Ultimately, the advisers said, they don’t want further studies of Opill to delay the availability of the product in an over-the-counter setting.
“I just wanted to say that the improbable dosing issue is important, and I don’t think it’s been adequately addressed and certainly leads to some uncertainty in the findings. But despite this, I would not recommend another actual use study this time, and I think we can make a decision on the totality of the evidence,” said Kate Curtis of the US Centers for Disease Control and Prevention.
Curtis said she voted yes because “Opill has the potential to have a huge positive public health impact.”
Earlier in the discussion, Dr. Leslie Walker-Harding of the University of Washington and Seattle Children’s Hospital said the pill is just as safe as many other medications available on store shelves.
“The safety profile is so good that we would need to take every other medicine off the market like Benadryl, ibuprofen, Tylenol, which causes deaths and people can get any amount of that without any oversight. And this is extremely safe, much safer than all three of those medications, and incorrect use still doesn’t appear to have problematic issues,” she said.

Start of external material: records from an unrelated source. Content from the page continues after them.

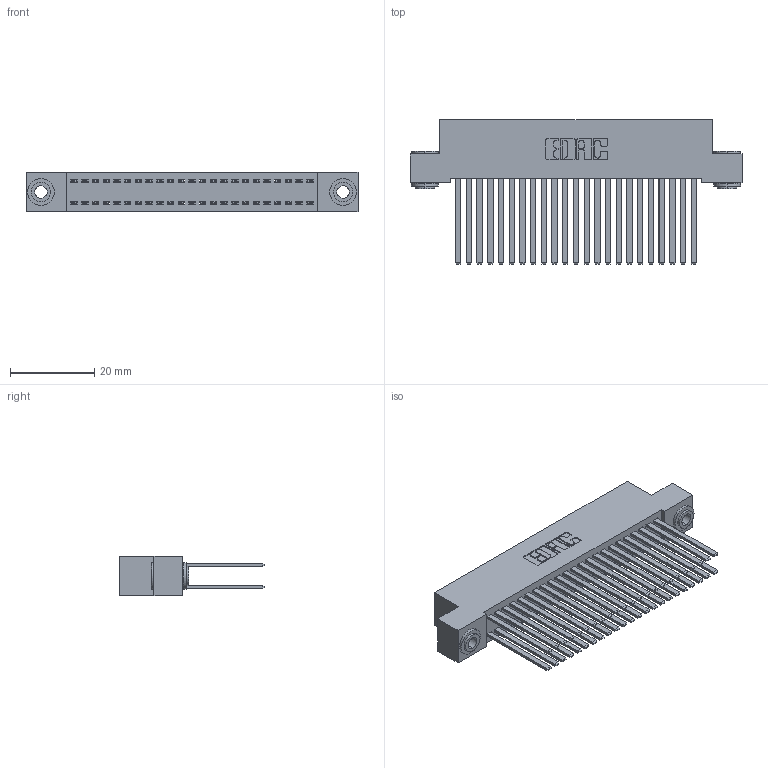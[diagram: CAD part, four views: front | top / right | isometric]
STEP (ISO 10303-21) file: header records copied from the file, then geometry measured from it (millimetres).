
FILE_DESCRIPTION (( 'STEP AP203' ), '1' );
FILE_NAME ('342-046-544-203.STEP', '2018-08-12T16:27:55', ( '' ), ( '' ), 'SwSTEP 2.0', 'SolidWorks 2016', '' );
FILE_SCHEMA (( 'CONFIG_CONTROL_DESIGN' ));
Length unit declared in the file: inch
Products named in the file (4): 345-292-001_345-293-144; 342-250-002_345-250-002-102; 342-046-544-203; 342 Part_.156 TH
Assembly tree (49 placements, depth 2):
  342-046-544-203
    342 Part_.156 TH
    345-292-001_345-293-144  x46
    342-250-002_345-250-002-102  x2
Bounding box: 78.74 x 34.3 x 9.4 mm (x, y, z)
Volume: 7652.5 mm3; surface area: 13988 mm2
Topology: 49 solids, 49 shells, 2264 faces, 6677 edges, 4386 vertices
Faces by surface type: plane 1548, cylinder 708, cone 8
Entity records: 17588 total; most frequent: CARTESIAN_POINT 2909, ORIENTED_EDGE 2838, DIRECTION 2549, EDGE_CURVE 1419, VECTOR 1271, LINE 1271, VERTEX_POINT 942, AXIS2_PLACEMENT_3D 639

Dr. Katalin Roth of the George Washington University School of Medicine and Health Sciences also emphasized the safety of the pill over the 50 years it has been approved as a prescription drug in the US.
“The risks to women of an unintended pregnancy are much greater than any of the things we were discussing as risks of putting this pill out out over-the-counter,” she said. “The history of women’s contraception is a struggle for women’s control over their reproduction, and we need to trust women.”